# Water/altitude boiling point calculator



## 3montes (Feb 7, 2010)

Fro when you want to check your therms. Make sure you know what degree water boils at in your location. Easy to use calcualor. Just enter in barometric pressure and your altitude.
http://www.csgnetwork.com/h2oboilcalc.html


----------



## bassman (Feb 7, 2010)

Hey, thanks for posting that!  I saved it in my favorites.  As soon as I find out what the barometric pressure is, I'll be checking my thermometers again.


----------



## 3montes (Feb 7, 2010)

I have the Weatherbug downloaded on my computer. Always has the current barometric pressure shown along with all the other current weather indicators. I found out water boils at 210.44 something degrees in my location using this caculator. I just always assumed the 212 boiling point when checking my Mavericks.
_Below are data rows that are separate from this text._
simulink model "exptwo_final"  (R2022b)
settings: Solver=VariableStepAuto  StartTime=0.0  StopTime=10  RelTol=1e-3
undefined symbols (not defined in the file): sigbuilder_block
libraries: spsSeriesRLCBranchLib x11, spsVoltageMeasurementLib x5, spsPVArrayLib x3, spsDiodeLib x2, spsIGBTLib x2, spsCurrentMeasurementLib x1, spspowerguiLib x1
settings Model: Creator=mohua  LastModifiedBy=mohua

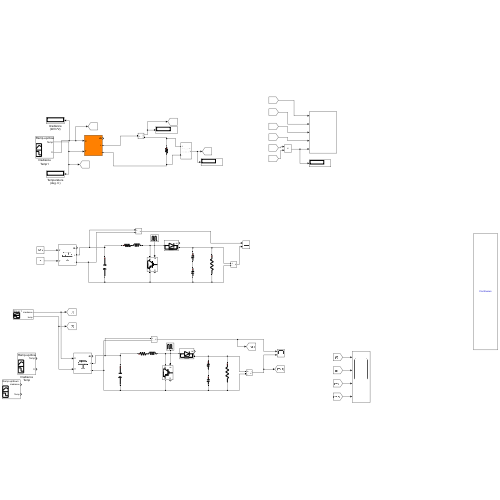
[thumbnail: Simulink's stored preview of the top-level diagram]
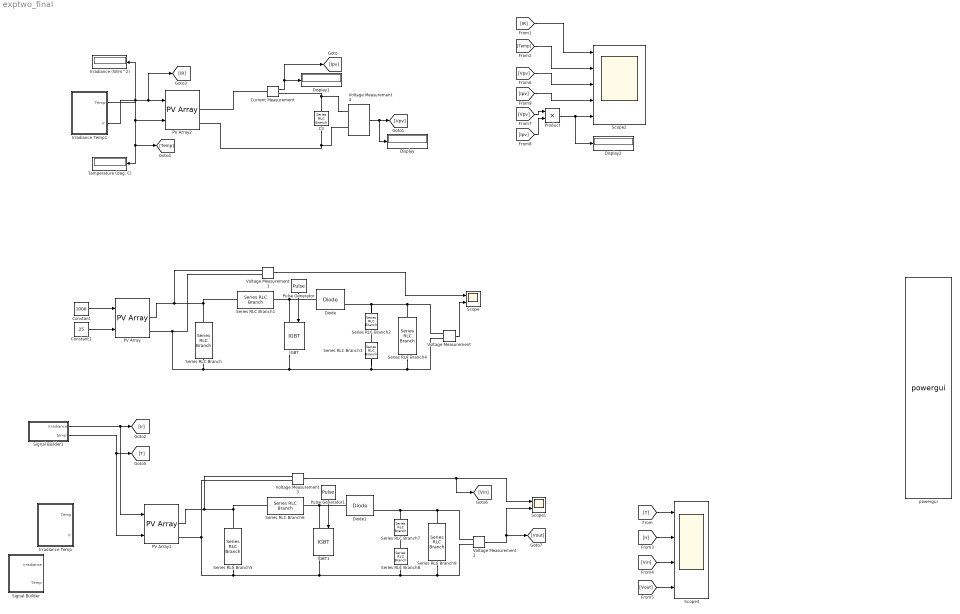
== system exptwo_final ==
  C3 : spsSeriesRLCBranchLib/Series RLC Branch  LConnTagsString=__new0  RConnTagsString=__new0  BranchType=R  Resistance=2  Inductance=1.0  SetiL0=off  InitialCurrent=0  Capacitance=100e-6  Setx0=off  InitialVoltage=0  Measurements=Branch voltage
  Constant : Constant  Value=1000
  Constant1 : Constant  Value=25
  Current Measurement : spsCurrentMeasurementLib/Current Measurement  PhasorSimulation=off  OutputType=Complex  PSBequivalent=0
  Diode : spsDiodeLib/Diode  Ron=0.001  Lon=0  Vf=0.8  IC=0  UseSnubber=0  Rs=500  Cs=250e-9  Measurements=on
  Diode1 : spsDiodeLib/Diode  Ron=0.001  Lon=0  Vf=0.8  IC=0  UseSnubber=0  Rs=500  Cs=250e-9  Measurements=on
  Display : Display
  Display1 : Display
  Display2 : Display
  IGBT : spsIGBTLib/IGBT  Ron=0.001  Lon=0  Vf=1  Tf=1e-6  Tt=2e-6  IC=0  Rs=1e5  Cs=inf  Measurements=on
  IGBT1 : spsIGBTLib/IGBT  Ron=0.001  Lon=0  Vf=1  Tf=1e-6  Tt=2e-6  IC=0  Rs=1e5  Cs=inf  Measurements=on
  Irradiance (W/m^2) : Display
      settings: Format=bank  Decimation=1000
  Irradiance Temp : Subsystem  Tag=STV Subsys  LoadFcn=sigbuilder_block('load');  StartFcn=sigbuilder_block('start');  StopFcn=sigbuilder_block('stop');  ClipboardFcn=sigbuilder_block('clipboard');  mask(Sigbuilder block){tuvar=[0:10]}
      mask help: Sigbuilder GUI
      mask init:
      | if ~strcmp(get_param(bdroot(gcbh),'SimulationStatus'),'stopped') tuvar = sigbuilder_block('maskInit'); end
      settings: CopyFcn=sigbuilder_block('copy');  DeleteFcn=sigbuilder_block('delete');  ModelCloseFcn=sigbuilder_block('modelClose');  PreSaveFcn=sigbuilder_block('preSave');  PauseFcn=sigbuilder_block('pause')  ContinueFcn=sigbuilder_block('continue')  NameChangeFcn=sigbuilder_block('namechange');  OpenFcn=sigbuilder_block('open',[5.4 36.6 1141.2 516.6 ]);  CloseFcn=sigbuilder_block('close');
      mask Display: plot(0, 0, 100, 100,[2, 2, 32, 32, 2], [68, 8, 8, 68, 68],[32, 2], [38, 38], [32, 19, 2],[53, 60, 44], [32, 17, 17, 2],[16, 16, 31, 31]);txt = getActiveGroup(gcbh);text(2, 100, txt,'verticalAlignment', 'top');
  Irradiance Temp1 : Subsystem  Tag=STV Subsys  LoadFcn=sigbuilder_block('load');  StartFcn=sigbuilder_block('start');  StopFcn=sigbuilder_block('stop');  ClipboardFcn=sigbuilder_block('clipboard');  mask(Sigbuilder block){tuvar=[0:10]}
      mask help: Sigbuilder GUI
      mask init:
      | if ~strcmp(get_param(bdroot(gcbh),'SimulationStatus'),'stopped') tuvar = sigbuilder_block('maskInit'); end
      settings: CopyFcn=sigbuilder_block('copy');  DeleteFcn=sigbuilder_block('delete');  ModelCloseFcn=sigbuilder_block('modelClose');  PreSaveFcn=sigbuilder_block('preSave');  PauseFcn=sigbuilder_block('pause')  ContinueFcn=sigbuilder_block('continue')  NameChangeFcn=sigbuilder_block('namechange');  OpenFcn=sigbuilder_block('open',[5.4 36.6 1141.2 516.6 ]);  CloseFcn=sigbuilder_block('close');
      mask Display: plot(0, 0, 100, 100,[2, 2, 32, 32, 2], [68, 8, 8, 68, 68],[32, 2], [38, 38], [32, 19, 2],[53, 60, 44], [32, 17, 17, 2],[16, 16, 31, 31]);txt = getActiveGroup(gcbh);text(2, 100, txt,'verticalAlignment', 'top');
  PV Array : spsPVArrayLib/PV Array  Npar=40  Nser=10  PlotType=array @ 1000 W/m2 & specified temperatures  S_vec="[ 1000  500  100 ]"  Temp_C_vec="[ 45 25  ]"  ModuleName=User-defined  PlotWhenSelected=off  Pm=213.15  Ncell=60  Voc=36.3  Isc=7.84  Vm=29  Im=7.35  beta_Voc_pc=-0.36099  alpha_Isc_pc=0.102  beta_Voc=-0.13104  alpha_Isc=0.0079968  IL=7.8654  I0=2.9273e-10  nI=0.98119  Rsh=313.0553  Rs=0.39381  RobustModel=off  RobustCellTemperature=313.3991  BAL=on  Tc=1e-6  Tfilter=5e-5
  PV Array1 : spsPVArrayLib/PV Array  Npar=40  Nser=10  PlotType=array @ 1000 W/m2 & specified temperatures  S_vec="[ 1000  500  100 ]"  Temp_C_vec="[ 45 25  ]"  ModuleName=User-defined  PlotWhenSelected=off  Pm=213.15  Ncell=60  Voc=36.3  Isc=7.84  Vm=29  Im=7.35  beta_Voc_pc=-0.36099  alpha_Isc_pc=0.102  beta_Voc=-0.13104  alpha_Isc=0.0079968  IL=7.8654  I0=2.9273e-10  nI=0.98119  Rsh=313.0553  Rs=0.39381  RobustModel=off  RobustCellTemperature=313.3991  BAL=on  Tc=1e-6  Tfilter=5e-5
  PV Array2 : spsPVArrayLib/PV Array  Npar=40  Nser=10  PlotType=array @ 1000 W/m2 & specified temperatures  S_vec="[ 1000  500  100 ]"  Temp_C_vec="[ 45 25  ]"  ModuleName=User-defined  PlotWhenSelected=off  Pm=213.15  Ncell=60  Voc=36.3  Isc=7.84  Vm=29  Im=7.35  beta_Voc_pc=-0.36099  alpha_Isc_pc=0.102  beta_Voc=-0.13104  alpha_Isc=0.0079968  IL=7.8654  I0=2.9273e-10  nI=0.98119  Rsh=313.0553  Rs=0.39381  RobustModel=off  RobustCellTemperature=313.3991  BAL=off  Tc=1e-6  Tfilter=5e-5
  Product : Product
  Pulse Generator : DiscretePulseGenerator  PulseType=Time based  Period=1/10000  PulseWidth=30
  Pulse Generator1 : DiscretePulseGenerator  PulseType=Time based  Period=1/10000  PulseWidth=30
  Scope : Scope  NumInputPorts=2
  Scope1 : Scope  NumInputPorts=2
  Scope2 : Scope  NumInputPorts=5
  Scope3 : Scope  NumInputPorts=4
  Series RLC Branch : spsSeriesRLCBranchLib/Series RLC Branch  LConnTagsString=__new0  RConnTagsString=__new0  BranchType=C  Resistance=1  Inductance=1e-3  SetiL0=off  InitialCurrent=0  Capacitance=100e-6  Setx0=off  InitialVoltage=0  Measurements=None
  Series RLC Branch1 : spsSeriesRLCBranchLib/Series RLC Branch  LConnTagsString=__new0  RConnTagsString=__new0  BranchType=RL  Resistance=0.000001  Inductance=5e-3  SetiL0=off  InitialCurrent=0  Capacitance=100e-6  Setx0=off  InitialVoltage=0  Measurements=None
  Series RLC Branch{2..3,7..8} (4 alike) : spsSeriesRLCBranchLib/Series RLC Branch  LConnTagsString=__new0  RConnTagsString=__new0  BranchType=C  Resistance=1  Inductance=1e-3  SetiL0=off  InitialCurrent=0  Capacitance=100e-3  Setx0=off  InitialVoltage=0  Measurements=None
  Series RLC Branch4 : spsSeriesRLCBranchLib/Series RLC Branch  LConnTagsString=__new0  RConnTagsString=__new0  BranchType=R  Resistance=50  Inductance=1e-3  SetiL0=off  InitialCurrent=0  Capacitance=100e-6  Setx0=off  InitialVoltage=0  Measurements=None
  Series RLC Branch5 : spsSeriesRLCBranchLib/Series RLC Branch  LConnTagsString=__new0  RConnTagsString=__new0  BranchType=C  Resistance=1  Inductance=1e-3  SetiL0=off  InitialCurrent=0  Capacitance=100e-6  Setx0=off  InitialVoltage=0  Measurements=None
  Series RLC Branch6 : spsSeriesRLCBranchLib/Series RLC Branch  LConnTagsString=__new0  RConnTagsString=__new0  BranchType=RL  Resistance=0.000001  Inductance=5e-3  SetiL0=off  InitialCurrent=0  Capacitance=100e-6  Setx0=off  InitialVoltage=0  Measurements=None
  Series RLC Branch9 : spsSeriesRLCBranchLib/Series RLC Branch  LConnTagsString=__new0  RConnTagsString=__new0  BranchType=R  Resistance=50  Inductance=1e-3  SetiL0=off  InitialCurrent=0  Capacitance=100e-6  Setx0=off  InitialVoltage=0  Measurements=None
  Signal Builder : Subsystem  Tag=STV Subsys  LoadFcn=sigbuilder_block('load');  StartFcn=sigbuilder_block('start');  StopFcn=sigbuilder_block('stop');  ClipboardFcn=sigbuilder_block('clipboard');  mask(Sigbuilder block){tuvar=[0:10]}
      mask help: Simulink:masks:SigbuilderBlock_MD
      mask init:
      | if ~strcmp(get_param(bdroot(gcbh),'SimulationStatus'),'stopped') tuvar = sigbuilder_block('maskInit'); end
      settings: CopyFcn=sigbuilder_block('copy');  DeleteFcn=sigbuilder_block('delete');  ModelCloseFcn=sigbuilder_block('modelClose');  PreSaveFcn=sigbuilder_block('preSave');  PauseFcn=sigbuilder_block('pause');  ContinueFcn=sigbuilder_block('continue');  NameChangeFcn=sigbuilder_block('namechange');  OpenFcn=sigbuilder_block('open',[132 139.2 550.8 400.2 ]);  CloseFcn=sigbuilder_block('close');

Not that 1 to 2 degrees is going to make a big difference but for some of you in the higher altitudes water may boil at much lower temps like 203 or 205. Thats a big difference and something you would want to know when checking your therms.


----------



## bassman (Feb 7, 2010)

The altitude certainly does make a difference.  After a lot of research, I had found a site that gave approximate boiling temps accounting for altitude.  It didn't have any provisions for allowing for barometric pressure.  This will definitely help.  Thanks again.


----------